The rural caucus represents 115 Colorado school districts at the Capitol in Denver. Stephenson said that although the caucus has not taken a formal position on the proposal, informal discussions with caucus members have led to a consensus opinion against the land sale.

“We really don’t think this is the best approach,” she said. “Yes, we believe our rural schools are underfunded and need a solid revenue stream, but this seems to be a one-time fix. We really shouldn’t be getting rid of a public good and using one program to fund another.”

How SRS funding is distributed also has raised questions.

A March 3 letter from the Routt County Board of Commissioners, sent to the three Routt County school districts, disputes a claim made by the office of Colorado auditor Joanne Hill that Routt County schools have been “underfunded” from forest service receipts.

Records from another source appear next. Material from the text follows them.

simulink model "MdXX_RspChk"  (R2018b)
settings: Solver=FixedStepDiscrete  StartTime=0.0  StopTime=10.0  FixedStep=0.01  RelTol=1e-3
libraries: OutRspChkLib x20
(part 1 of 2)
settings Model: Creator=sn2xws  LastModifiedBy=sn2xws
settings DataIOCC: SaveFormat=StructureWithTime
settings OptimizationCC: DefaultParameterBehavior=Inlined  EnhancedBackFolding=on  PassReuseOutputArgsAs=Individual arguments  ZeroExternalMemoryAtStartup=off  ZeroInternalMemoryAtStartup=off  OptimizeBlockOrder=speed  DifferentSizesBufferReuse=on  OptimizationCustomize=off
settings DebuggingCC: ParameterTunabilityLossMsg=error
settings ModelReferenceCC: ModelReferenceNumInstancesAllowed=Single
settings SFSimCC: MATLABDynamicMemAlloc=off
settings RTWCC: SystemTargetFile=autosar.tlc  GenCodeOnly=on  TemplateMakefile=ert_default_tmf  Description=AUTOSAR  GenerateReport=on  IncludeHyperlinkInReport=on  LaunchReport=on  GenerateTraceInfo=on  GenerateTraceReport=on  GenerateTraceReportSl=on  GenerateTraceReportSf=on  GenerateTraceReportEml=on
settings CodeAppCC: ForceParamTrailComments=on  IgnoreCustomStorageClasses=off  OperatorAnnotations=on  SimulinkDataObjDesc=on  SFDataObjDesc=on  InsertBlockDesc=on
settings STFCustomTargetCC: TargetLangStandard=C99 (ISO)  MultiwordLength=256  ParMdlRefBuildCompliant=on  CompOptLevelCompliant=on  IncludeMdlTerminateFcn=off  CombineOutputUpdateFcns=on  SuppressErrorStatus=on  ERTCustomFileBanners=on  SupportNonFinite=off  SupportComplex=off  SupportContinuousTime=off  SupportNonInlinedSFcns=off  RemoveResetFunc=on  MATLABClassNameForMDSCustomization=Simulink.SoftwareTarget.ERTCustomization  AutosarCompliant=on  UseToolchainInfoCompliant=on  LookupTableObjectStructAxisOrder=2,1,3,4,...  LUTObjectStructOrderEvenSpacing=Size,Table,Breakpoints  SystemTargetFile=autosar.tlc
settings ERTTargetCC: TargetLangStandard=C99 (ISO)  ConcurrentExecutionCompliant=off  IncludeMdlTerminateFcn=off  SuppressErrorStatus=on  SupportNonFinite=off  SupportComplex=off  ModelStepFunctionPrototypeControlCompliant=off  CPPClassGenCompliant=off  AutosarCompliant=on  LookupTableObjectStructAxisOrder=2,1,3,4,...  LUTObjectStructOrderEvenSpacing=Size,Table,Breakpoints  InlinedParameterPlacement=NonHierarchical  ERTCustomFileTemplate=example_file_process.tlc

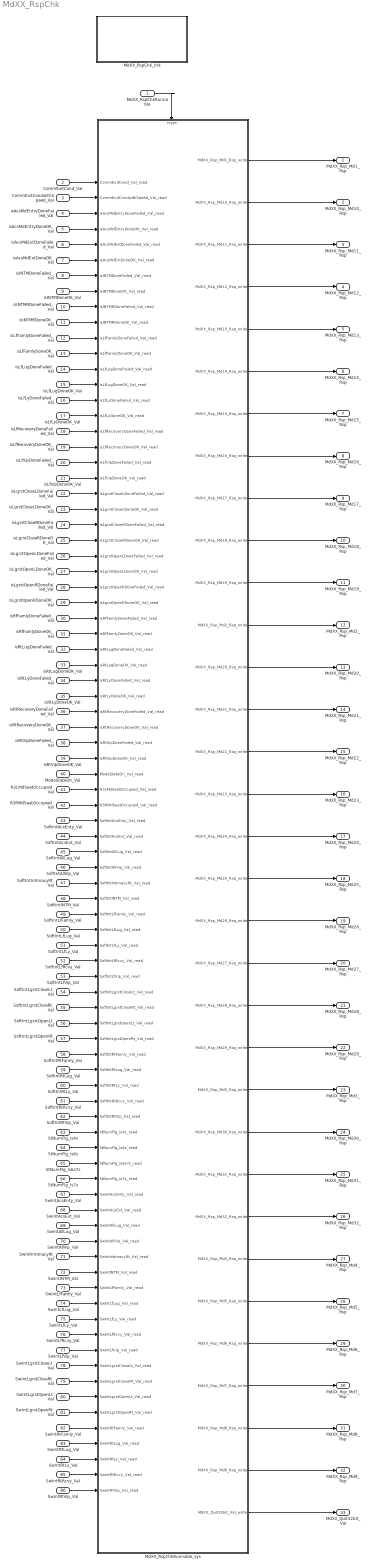
== system MdXX_RspChk ==
  MdXX_RspChkRunnable : Inport  SampleTime=0.01  OutputFunctionCall=on
  CommExitCond_Val : Inport  Port=2  OutDataTypeStr=boolean  PortDimensions=1
  CommExitCondwithSpeed_Val : Inport  Port=3  OutDataTypeStr=boolean  PortDimensions=1
  isAcsMdEntryDoneFailed_Val : Inport  Port=4  OutDataTypeStr=boolean  PortDimensions=1
  isAcsMdEntryDoneOK_Val : Inport  Port=5  OutDataTypeStr=boolean  PortDimensions=1
  isAcsMdExtDoneFailed_Val : Inport  Port=6  OutDataTypeStr=boolean  PortDimensions=1
  isAcsMdExtDoneOK_Val : Inport  Port=7  OutDataTypeStr=boolean  PortDimensions=1
  isINTMDoneFailed_Val : Inport  Port=8  OutDataTypeStr=boolean  PortDimensions=1
  isINTMDoneOK_Val : Inport  Port=9  OutDataTypeStr=boolean  PortDimensions=1
  isINTMRDoneFailed_Val : Inport  Port=10  OutDataTypeStr=boolean  PortDimensions=1
  isINTMRDoneOK_Val : Inport  Port=11  OutDataTypeStr=boolean  PortDimensions=1
  isLfFamlyDoneFailed_Val : Inport  Port=12  OutDataTypeStr=boolean  PortDimensions=1
  isLfFamlyDoneOK_Val : Inport  Port=13  OutDataTypeStr=boolean  PortDimensions=1
  isLfLugDoneFailed_Val : Inport  Port=14  OutDataTypeStr=boolean  PortDimensions=1
  isLfLugDoneOK_Val : Inport  Port=15  OutDataTypeStr=boolean  PortDimensions=1
  isLfLyDoneFailed_Val : Inport  Port=16  OutDataTypeStr=boolean  PortDimensions=1
  isLfLyDoneOK_Val : Inport  Port=17  OutDataTypeStr=boolean  PortDimensions=1
  isLfRecoveryDoneFailed_Val : Inport  Port=18  OutDataTypeStr=boolean  PortDimensions=1
  isLfRecoveryDoneOK_Val : Inport  Port=19  OutDataTypeStr=boolean  PortDimensions=1
  isLfVipDoneFailed_Val : Inport  Port=20  OutDataTypeStr=boolean  PortDimensions=1
  isLfVipDoneOK_Val : Inport  Port=21  OutDataTypeStr=boolean  PortDimensions=1
  isLgrstCloseLDoneFailed_Val : Inport  Port=22  OutDataTypeStr=boolean  PortDimensions=1
  isLgrstCloseLDoneOK_Val : Inport  Port=23  OutDataTypeStr=boolean  PortDimensions=1
  isLgrstCloseRDoneFailed_Val : Inport  Port=24  OutDataTypeStr=boolean  PortDimensions=1
  isLgrstCloseRDoneOK_Val : Inport  Port=25  OutDataTypeStr=boolean  PortDimensions=1
  isLgrstOpenLDoneFailed_Val : Inport  Port=26  OutDataTypeStr=boolean  PortDimensions=1
  isLgrstOpenLDoneOK_Val : Inport  Port=27  OutDataTypeStr=boolean  PortDimensions=1
  isLgrstOpenRDoneFailed_Val : Inport  Port=28  OutDataTypeStr=boolean  PortDimensions=1
  isLgrstOpenRDoneOK_Val : Inport  Port=29  OutDataTypeStr=boolean  PortDimensions=1
  isRfFamlyDoneFailed_Val : Inport  Port=30  OutDataTypeStr=boolean  PortDimensions=1
  isRfFamlyDoneOK_Val : Inport  Port=31  OutDataTypeStr=boolean  PortDimensions=1
  isRtLugDoneFailed_Val : Inport  Port=32  OutDataTypeStr=boolean  PortDimensions=1
  isRtLugDoneOK_Val : Inport  Port=33  OutDataTypeStr=boolean  PortDimensions=1
  isRtLyDoneFailed_Val : Inport  Port=34  OutDataTypeStr=boolean  PortDimensions=1
  isRtLyDoneOK_Val : Inport  Port=35  OutDataTypeStr=boolean  PortDimensions=1
  isRtRecoveryDoneFailed_Val : Inport  Port=36  OutDataTypeStr=boolean  PortDimensions=1
  isRtRecoveryDoneOK_Val : Inport  Port=37  OutDataTypeStr=boolean  PortDimensions=1
  isRtVipDoneFailed_Val : Inport  Port=38  OutDataTypeStr=boolean  PortDimensions=1
  isRtVipDoneOK_Val : Inport  Port=39  OutDataTypeStr=boolean  PortDimensions=1
  ModeStateOn_Val : Inport  Port=40  OutDataTypeStr=boolean  PortDimensions=1
  R3LMdSeatOccupied_Val : Inport  Port=41  OutDataTypeStr=boolean  PortDimensions=1
  R3RMdSeatOccupied_Val : Inport  Port=42  OutDataTypeStr=boolean  PortDimensions=1
  SoftIntAcsEnty_Val : Inport  Port=43  OutDataTypeStr=IntEnable  PortDimensions=1
  SoftIntAcsExt_Val : Inport  Port=44  OutDataTypeStr=IntEnable  PortDimensions=1
  SoftIntAllLug_Val : Inport  Port=45  OutDataTypeStr=IntEnable  PortDimensions=1
  SoftIntAllVip_Val : Inport  Port=46  OutDataTypeStr=IntEnable  PortDimensions=1
  SoftIntIntimacyRt_Val : Inport  Port=47  OutDataTypeStr=IntEnable  PortDimensions=1
  SoftIntINTM_Val : Inport  Port=48  OutDataTypeStr=IntEnable  PortDimensions=1
  SoftIntLfFamly_Val : Inport  Port=49  OutDataTypeStr=IntEnable  PortDimensions=1
  SoftIntLfLug_Val : Inport  Port=50  OutDataTypeStr=IntEnable  PortDimensions=1
  SoftIntLfLy_Val : Inport  Port=51  OutDataTypeStr=IntEnable  PortDimensions=1
  SoftIntLfRcvy_Val : Inport  Port=52  OutDataTypeStr=IntEnable  PortDimensions=1
  SoftIntLfVip_Val : Inport  Port=53  OutDataTypeStr=IntEnable  PortDimensions=1
  SoftIntLgrstCloseLt_Val : Inport  Port=54  OutDataTypeStr=IntEnable  PortDimensions=1
  SoftIntLgrstCloseRt_Val : Inport  Port=55  OutDataTypeStr=IntEnable  PortDimensions=1
  SoftIntLgrstOpenLt_Val : Inport  Port=56  OutDataTypeStr=IntEnable  PortDimensions=1
  SoftIntLgrstOpenRt_Val : Inport  Port=57  OutDataTypeStr=IntEnable  PortDimensions=1
  SoftIntRtFamly_Val : Inport  Port=58  OutDataTypeStr=IntEnable  PortDimensions=1
  SoftIntRtLug_Val : Inport  Port=59  OutDataTypeStr=IntEnable  PortDimensions=1
  SoftIntRtLy_Val : Inport  Port=60  OutDataTypeStr=IntEnable  PortDimensions=1
  SoftIntRtRcvy_Val : Inport  Port=61  OutDataTypeStr=IntEnable  PortDimensions=1
  SoftIntRtVip_Val : Inport  Port=62  OutDataTypeStr=IntEnable  PortDimensions=1
  StNumFlg_Is4s : Inport  Port=63  OutDataTypeStr=boolean  PortDimensions=1
  StNumFlg_Is6s : Inport  Port=64  OutDataTypeStr=boolean  PortDimensions=1
  StNumFlg_Is6s7s : Inport  Port=65  OutDataTypeStr=boolean  PortDimensions=1
  StNumFlg_Is7s : Inport  Port=66  OutDataTypeStr=boolean  PortDimensions=1
  SwIntAcsEnty_Val : Inport  Port=67  OutDataTypeStr=IntEnable  PortDimensions=1
  SwIntAcsExt_Val : Inport  Port=68  OutDataTypeStr=IntEnable  PortDimensions=1
  SwIntAllLug_Val : Inport  Port=69  OutDataTypeStr=IntEnable  PortDimensions=1
  SwIntAllVip_Val : Inport  Port=70  OutDataTypeStr=IntEnable  PortDimensions=1
  SwIntIntimacyRt_Val : Inport  Port=71  OutDataTypeStr=IntEnable  PortDimensions=1
  SwIntINTM_Val : Inport  Port=72  OutDataTypeStr=IntEnable  PortDimensions=1
  SwIntLfFamly_Val : Inport  Port=73  OutDataTypeStr=IntEnable  PortDimensions=1
  SwIntLfLug_Val : Inport  Port=74  OutDataTypeStr=IntEnable  PortDimensions=1
  SwIntLfLy_Val : Inport  Port=75  OutDataTypeStr=IntEnable  PortDimensions=1
  SwIntLfRcvy_Val : Inport  Port=76  OutDataTypeStr=IntEnable  PortDimensions=1
  SwIntLfVip_Val : Inport  Port=77  OutDataTypeStr=IntEnable  PortDimensions=1
  SwIntLgrstCloseLt_Val : Inport  Port=78  OutDataTypeStr=IntEnable  PortDimensions=1
  SwIntLgrstCloseRt_Val : Inport  Port=79  OutDataTypeStr=IntEnable  PortDimensions=1
  SwIntLgrstOpenLt_Val : Inport  Port=80  OutDataTypeStr=IntEnable  PortDimensions=1
  SwIntLgrstOpenRt_Val : Inport  Port=81  OutDataTypeStr=IntEnable  PortDimensions=1
  SwIntRtFamly_Val : Inport  Port=82  OutDataTypeStr=IntEnable  PortDimensions=1
  SwIntRtLug_Val : Inport  Port=83  OutDataTypeStr=IntEnable  PortDimensions=1
  SwIntRtLy_Val : Inport  Port=84  OutDataTypeStr=IntEnable  PortDimensions=1
  SwIntRtRcvy_Val : Inport  Port=85  OutDataTypeStr=IntEnable  PortDimensions=1
  SwIntRtVip_Val : Inport  Port=86  OutDataTypeStr=IntEnable  PortDimensions=1
  MdXX_RspChkRunnable_sys : Subsystem
  MdXX_RspChk_Init : Subsystem
  MdXX_Rsp_Md1_Rsp : Outport  OutDataTypeStr=Enum: MdRspLocal2  PortDimensions=1
  MdXX_Rsp_Md10_Rsp : Outport  Port=2  OutDataTypeStr=Enum: MdRspLocal2  PortDimensions=1
  MdXX_Rsp_Md11_Rsp : Outport  Port=3  OutDataTypeStr=Enum: MdRspLocal2  PortDimensions=1
  MdXX_Rsp_Md12_Rsp : Outport  Port=4  OutDataTypeStr=Enum: MdRspLocal2  PortDimensions=1
  MdXX_Rsp_Md13_Rsp : Outport  Port=5  OutDataTypeStr=Enum: MdRspLocal2  PortDimensions=1
  MdXX_Rsp_Md14_Rsp : Outport  Port=6  OutDataTypeStr=Enum: MdRspLocal2  PortDimensions=1
  MdXX_Rsp_Md15_Rsp : Outport  Port=7  OutDataTypeStr=Enum: MdRspLocal2  PortDimensions=1
  MdXX_Rsp_Md16_Rsp : Outport  Port=8  OutDataTypeStr=Enum: MdRspLocal2  PortDimensions=1
  MdXX_Rsp_Md17_Rsp : Outport  Port=9  OutDataTypeStr=Enum: MdRspLocal2  PortDimensions=1
  MdXX_Rsp_Md18_Rsp : Outport  Port=10  OutDataTypeStr=Enum: MdRspLocal2  PortDimensions=1
  MdXX_Rsp_Md19_Rsp : Outport  Port=11  OutDataTypeStr=Enum: MdRspLocal2  PortDimensions=1
  MdXX_Rsp_Md2_Rsp : Outport  Port=12  OutDataTypeStr=Enum: MdRspLocal2  PortDimensions=1
  MdXX_Rsp_Md20_Rsp : Outport  Port=13  OutDataTypeStr=Enum: MdRspLocal2  PortDimensions=1
  MdXX_Rsp_Md21_Rsp : Outport  Port=14  OutDataTypeStr=Enum: MdRspLocal2  PortDimensions=1
  MdXX_Rsp_Md22_Rsp : Outport  Port=15  OutDataTypeStr=Enum: MdRspLocal2  PortDimensions=1
  MdXX_Rsp_Md23_Rsp : Outport  Port=16  OutDataTypeStr=Enum: MdRspLocal2  PortDimensions=1
  MdXX_Rsp_Md24_Rsp : Outport  Port=17  OutDataTypeStr=Enum: MdRspLocal2  PortDimensions=1
  MdXX_Rsp_Md25_Rsp : Outport  Port=18  OutDataTypeStr=Enum: MdRspLocal2  PortDimensions=1
  MdXX_Rsp_Md26_Rsp : Outport  Port=19  OutDataTypeStr=Enum: MdRspLocal2  PortDimensions=1
  MdXX_Rsp_Md27_Rsp : Outport  Port=20  OutDataTypeStr=Enum: MdRspLocal2  PortDimensions=1
  MdXX_Rsp_Md28_Rsp : Outport  Port=21  OutDataTypeStr=Enum: MdRspLocal2  PortDimensions=1
  MdXX_Rsp_Md29_Rsp : Outport  Port=22  OutDataTypeStr=Enum: MdRspLocal2  PortDimensions=1
  MdXX_Rsp_Md3_Rsp : Outport  Port=23  OutDataTypeStr=Enum: MdRspLocal2  PortDimensions=1
  MdXX_Rsp_Md30_Rsp : Outport  Port=24  OutDataTypeStr=Enum: MdRspLocal2  PortDimensions=1
  MdXX_Rsp_Md31_Rsp : Outport  Port=25  OutDataTypeStr=Enum: MdRspLocal2  PortDimensions=1
  MdXX_Rsp_Md32_Rsp : Outport  Port=26  OutDataTypeStr=Enum: MdRspLocal2  PortDimensions=1
  MdXX_Rsp_Md4_Rsp : Outport  Port=27  OutDataTypeStr=Enum: MdRspLocal2  PortDimensions=1
  MdXX_Rsp_Md5_Rsp : Outport  Port=28  OutDataTypeStr=Enum: MdRspLocal2  PortDimensions=1
  MdXX_Rsp_Md6_Rsp : Outport  Port=29  OutDataTypeStr=Enum: MdRspLocal2  PortDimensions=1
  MdXX_Rsp_Md7_Rsp : Outport  Port=30  OutDataTypeStr=Enum: MdRspLocal2  PortDimensions=1
  MdXX_Rsp_Md8_Rsp : Outport  Port=31  OutDataTypeStr=Enum: MdRspLocal2  PortDimensions=1
  MdXX_Rsp_Md9_Rsp : Outport  Port=32  OutDataTypeStr=Enum: MdRspLocal2  PortDimensions=1
  MdXX_Quit32bit_Val : Outport  Port=33  OutDataTypeStr=uint32  PortDimensions=1
  wires:
  CommExitCond_Val/1 -> MdXX_RspChkRunnable_sys/1(CommExitCond_Val_read)
  CommExitCondwithSpeed_Val/1 -> MdXX_RspChkRunnable_sys/2(CommExitCondwithSpeed_Val_read)
  isAcsMdEntryDoneFailed_Val/1 -> MdXX_RspChkRunnable_sys/3(isAcsMdEntryDoneFailed_Val_read)
  isAcsMdEntryDoneOK_Val/1 -> MdXX_RspChkRunnable_sys/4(isAcsMdEntryDoneOK_Val_read)
  isAcsMdExtDoneFailed_Val/1 -> MdXX_RspChkRunnable_sys/5(isAcsMdExtDoneFailed_Val_read)
  isAcsMdExtDoneOK_Val/1 -> MdXX_RspChkRunnable_sys/6(isAcsMdExtDoneOK_Val_read)
  isINTMDoneFailed_Val/1 -> MdXX_RspChkRunnable_sys/7(isINTMDoneFailed_Val_read)
  isINTMDoneOK_Val/1 -> MdXX_RspChkRunnable_sys/8(isINTMDoneOK_Val_read)
  isINTMRDoneFailed_Val/1 -> MdXX_RspChkRunnable_sys/9(isINTMRDoneFailed_Val_read)
  isINTMRDoneOK_Val/1 -> MdXX_RspChkRunnable_sys/10(isINTMRDoneOK_Val_read)
  isLfFamlyDoneFailed_Val/1 -> MdXX_RspChkRunnable_sys/11(isLfFamlyDoneFailed_Val_read)
  isLfFamlyDoneOK_Val/1 -> MdXX_RspChkRunnable_sys/12(isLfFamlyDoneOK_Val_read)
  isLfLugDoneFailed_Val/1 -> MdXX_RspChkRunnable_sys/13(isLfLugDoneFailed_Val_read)
  isLfLugDoneOK_Val/1 -> MdXX_RspChkRunnable_sys/14(isLfLugDoneOK_Val_read)
  isLfLyDoneFailed_Val/1 -> MdXX_RspChkRunnable_sys/15(isLfLyDoneFailed_Val_read)
  isLfLyDoneOK_Val/1 -> MdXX_RspChkRunnable_sys/16(isLfLyDoneOK_Val_read)
  isLfRecoveryDoneFailed_Val/1 -> MdXX_RspChkRunnable_sys/17(isLfRecoveryDoneFailed_Val_read)
  isLfRecoveryDoneOK_Val/1 -> MdXX_RspChkRunnable_sys/18(isLfRecoveryDoneOK_Val_read)
  isLfVipDoneFailed_Val/1 -> MdXX_RspChkRunnable_sys/19(isLfVipDoneFailed_Val_read)
  isLfVipDoneOK_Val/1 -> MdXX_RspChkRunnable_sys/20(isLfVipDoneOK_Val_read)
  isLgrstCloseLDoneFailed_Val/1 -> MdXX_RspChkRunnable_sys/21(isLgrstCloseLDoneFailed_Val_read)
  isLgrstCloseLDoneOK_Val/1 -> MdXX_RspChkRunnable_sys/22(isLgrstCloseLDoneOK_Val_read)
  isLgrstCloseRDoneFailed_Val/1 -> MdXX_RspChkRunnable_sys/23(isLgrstCloseRDoneFailed_Val_read)
  isLgrstCloseRDoneOK_Val/1 -> MdXX_RspChkRunnable_sys/24(isLgrstCloseRDoneOK_Val_read)
  isLgrstOpenLDoneFailed_Val/1 -> MdXX_RspChkRunnable_sys/25(isLgrstOpenLDoneFailed_Val_read)
  isLgrstOpenLDoneOK_Val/1 -> MdXX_RspChkRunnable_sys/26(isLgrstOpenLDoneOK_Val_read)
  isLgrstOpenRDoneFailed_Val/1 -> MdXX_RspChkRunnable_sys/27(isLgrstOpenRDoneFailed_Val_read)
  isLgrstOpenRDoneOK_Val/1 -> MdXX_RspChkRunnable_sys/28(isLgrstOpenRDoneOK_Val_read)
  isRfFamlyDoneFailed_Val/1 -> MdXX_RspChkRunnable_sys/29(isRfFamlyDoneFailed_Val_read)
  isRfFamlyDoneOK_Val/1 -> MdXX_RspChkRunnable_sys/30(isRfFamlyDoneOK_Val_read)
  isRtLugDoneFailed_Val/1 -> MdXX_RspChkRunnable_sys/31(isRtLugDoneFailed_Val_read)
  isRtLugDoneOK_Val/1 -> MdXX_RspChkRunnable_sys/32(isRtLugDoneOK_Val_read)
  isRtLyDoneFailed_Val/1 -> MdXX_RspChkRunnable_sys/33(isRtLyDoneFailed_Val_read)
  isRtLyDoneOK_Val/1 -> MdXX_RspChkRunnable_sys/34(isRtLyDoneOK_Val_read)
  isRtRecoveryDoneFailed_Val/1 -> MdXX_RspChkRunnable_sys/35(isRtRecoveryDoneFailed_Val_read)
  isRtRecoveryDoneOK_Val/1 -> MdXX_RspChkRunnable_sys/36(isRtRecoveryDoneOK_Val_read)
  isRtVipDoneFailed_Val/1 -> MdXX_RspChkRunnable_sys/37(isRtVipDoneFailed_Val_read)
  isRtVipDoneOK_Val/1 -> MdXX_RspChkRunnable_sys/38(isRtVipDoneOK_Val_read)
  ModeStateOn_Val/1 -> MdXX_RspChkRunnable_sys/39(ModeStateOn_Val_read)
  R3LMdSeatOccupied_Val/1 -> MdXX_RspChkRunnable_sys/40(R3LMdSeatOccupied_Val_read)
  R3RMdSeatOccupied_Val/1 -> MdXX_RspChkRunnable_sys/41(R3RMdSeatOccupied_Val_read)
  SoftIntAcsEnty_Val/1 -> MdXX_RspChkRunnable_sys/42(SoftIntAcsEnty_Val_read)
  SoftIntAcsExt_Val/1 -> MdXX_RspChkRunnable_sys/43(SoftIntAcsExt_Val_read)
  SoftIntAllLug_Val/1 -> MdXX_RspChkRunnable_sys/44(SoftIntAllLug_Val_read)
  SoftIntAllVip_Val/1 -> MdXX_RspChkRunnable_sys/45(SoftIntAllVip_Val_read)
  SoftIntIntimacyRt_Val/1 -> MdXX_RspChkRunnable_sys/46(SoftIntIntimacyRt_Val_read)
  SoftIntINTM_Val/1 -> MdXX_RspChkRunnable_sys/47(SoftIntINTM_Val_read)
  SoftIntLfFamly_Val/1 -> MdXX_RspChkRunnable_sys/48(SoftIntLfFamly_Val_read)
  SoftIntLfLug_Val/1 -> MdXX_RspChkRunnable_sys/49(SoftIntLfLug_Val_read)
  SoftIntLfLy_Val/1 -> MdXX_RspChkRunnable_sys/50(SoftIntLfLy_Val_read)
  SoftIntLfRcvy_Val/1 -> MdXX_RspChkRunnable_sys/51(SoftIntLfRcvy_Val_read)
  SoftIntLfVip_Val/1 -> MdXX_RspChkRunnable_sys/52(SoftIntLfVip_Val_read)
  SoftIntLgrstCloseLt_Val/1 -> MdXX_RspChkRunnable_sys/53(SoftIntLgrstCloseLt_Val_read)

The dispute arises from language in SRS that allows county agencies to use some of the revenues from land sales for other needs, including forest-related projects and road maintenance.

Mark Rey, national Under Secretary for Natural Resources and the Environment, said in a March 29 media teleconference that funding allocations have “accomplished a lot of good” during the past six years and are used according to recommendations from committees that determine the greatest needs for a given county or region.

Not all of the 300,000 acres eligible for sale would need to be sold to reach the reauthorization’s goal of $800 million, Rey said.

The national forest system contains more than 193 million acres of public, federally owned land. According to the forest service, the areas selected for the sale are mostly isolated plots that are no longer fulfilling public needs and are expensive to maintain.

Local and state government agencies and nonprofit organizations would have the first right to buy the plots at market value, if Congress approved the proposal in coming weeks.